タンタン竹女(長崎の昔ばなし第一集より)

 むかしむかし、中島川の上流の谷間から、夕がたになると、美しい上の音いろがながれてきました。

 「なんとよか笛の音じゃ。そうじゃ、あれはお竹さんの吹く笛じゃ」

と、村のひょうばんでした。

 このお竹さん、西山村の村役人、松見半太夫のひとりむすめでした。

 夏の夕ぐれのこと。お竹さんが笛を吹きながら、山道を歩いて行くと、ひとりの気高い若者がジッと笛の音を聞く様子で林の中に立っていました。

 それからというものお竹さんは、この若者の美しい姿に思いをよせて、毎夜、笛を吹いて歩きました。その日も、岩に腰をかけて笛の音を聞いている若者の姿が月あかりに輝(て)らされて見えてきました。ふたりは、いつも、この岩のところで会っていたのでした。やがてふたりは愛し合う仲になりました。

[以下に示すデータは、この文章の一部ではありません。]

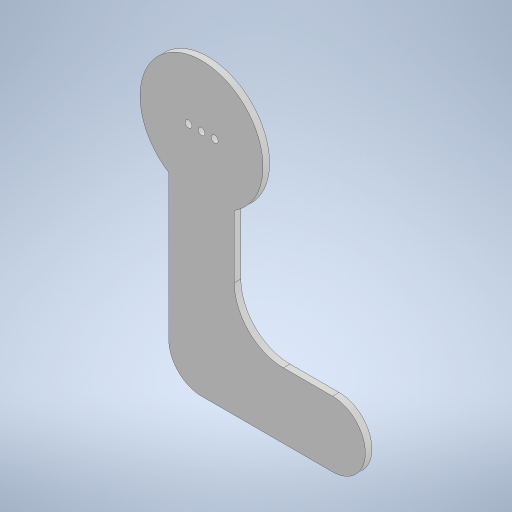
# Autodesk Inventor part: Деталь1
Saved by Autodesk Inventor 2023.1 (Build 271208000, 208)
## iProperties
Created: 2025-10-17
Part Number: Деталь1
Material: Типовые
Document SubType Name: Modeling
Designer: DELL
Density: 1 g/cm^3
Appearance: По умолчанию
Author: DELL
Autodesk Inventor part; units mm, degrees
ref_plane "YZ Plane" through (0, 0, 0) normal (1, 0, 0) x (0, 1, 0)
ref_plane "XZ Plane" through (0, 0, 0) normal (0, 1, 0) x (-1, 0, 0)
ref_plane "XY Plane" through (0, 0, 0) normal (0, 0, 1) x (1, 0, 0)
sketch "Эскиз1" plane through (0, 0, 0) normal (0, 0, 1) x (1, 0, 0)
  circle A0 centre (0, 0) radius 37.5
  circle A1 centre (0, 0) radius 2.1
  circle A2 centre (-8, 0) radius 2.1
  circle A3 centre (8, 0) radius 2.1
  line L0 (0, 0) -> (21.2822, 0) construction
  line L1 (0, 0) -> (-18.9176, 0) construction
  dimension "d0" = 75
  dimension "d1" = 4.2
  dimension "d2" = 4.2
  dimension "d3" = 4.2
  dimension "d4" = 8
  dimension "d5" = 8
  constraints: 4 centre point, 4 end point, 2 coincident, 2 horizontal, 2 point on line
  measures "d0" diameter of A0
  measures "d1" diameter of A1
  measures "d2" diameter of A2
  measures "d3" diameter of A3
  measures "d4" distance of L0.start A3.centre
  measures "d5" distance of L0.start A2.centre
extrude "Выдавливание1" add sketch "Эскиз1" along normal blind 4
sketch "Эскиз2" plane through (0, 0, 4) normal (0, 0, 1) x (1, 0, 0)
  circle A0 centre (0, 0) radius 2.1 construction
  line L0 (0, 0) -> (0, -140) construction
  line L1 (-20, -20) -> (-20, -31.7214) construction
  line L2 (20, -70) -> (20, -31.7214)
  arc A1 (20, -20) -> (-20, -20) centre (0, -20) ccw construction
  arc A2 (-20, -120) -> (0, -140) centre (0, -120) ccw
  line L3 (0, 0) -> (140, 0) construction
  line L4 (0, -120) -> (100, -120) construction
  line L5 (50, -100) -> (80, -100)
  line L6 (80, -140) -> (20, -140)
  arc A3 (80, -140) -> (80, -100) centre (80, -120) ccw
  line L7 (0, -140) -> (20, -140)
  arc A4 (20, -70) -> (50, -100) centre (50, -70) ccw
  arc A5 (37.5, 0) -> (-20, -31.7214) centre (0, 0) ccw construction
  line L8 (-20, -31.7214) -> (-20, -120)
  line L9 (20, -31.7214) -> (20, -20) construction
  arc A6 (20, -31.7214) -> (37.5, 0) centre (0, 0) ccw construction
  arc A7 (-20, -31.7214) -> (20, -31.7214) centre (0, 0) ccw
  point P0 (0, -70)
  point P1 (50, -120)
  dimension "d8" = 140
  dimension "d9" = 90
  dimension "d10" = 40
  dimension "d11" = 100
  dimension "d12" = 40
  dimension "d13" = 30
  constraints: 24 end point, 17 point on circle, 13 tangent, 7 centre point, 5 parallel, 4 point on line, 2 midpoint, 2 perpendicular, 1 coincident, 1 horizontal, 1 vertical
  measures "d8" distance of L0.end L0.start
  measures "d9" angle of L0 L3
  measures "d10" diameter of A2
  measures "d11" distance of L4.start L4.end
  measures "d12" distance between parallel lines of L6 L5
  measures "d13" radius of A4
extrude "Выдавливание2" add sketch "Эскиз2" against normal blind 4

 しかし、ある日のこと、いつも聞こえてくるはずのお竹さんの笛の音が聞こえなくなり、その姿もフッツリと消えてしまったのです。父の半太夫はたいそう心配して、村人たちとともに、なん日も山じゅうをさがして歩きました。すると、頂上近くの竜頭岩(りゅうとうがん)の上にふたりがしっかりと抱きあっている姿をみつけました。

 そこで、修験者のひとりが、これを見て、じゅ文をとなえると、若者は、一ぴきの大蛇の姿になって森の中に消えました。

 若者がわすれられないお竹さんは、たいへんかなしんで、とうとう重い病気にかかり、はかなく死んでしまいました。

 それからは、この岩をたたくと、

 「タンタン、タケジョ、タンタン、タケジョ」

と、鳴ったそうです。

いまも竜頭岩は、タンタン、タケジョと、呼ばれています。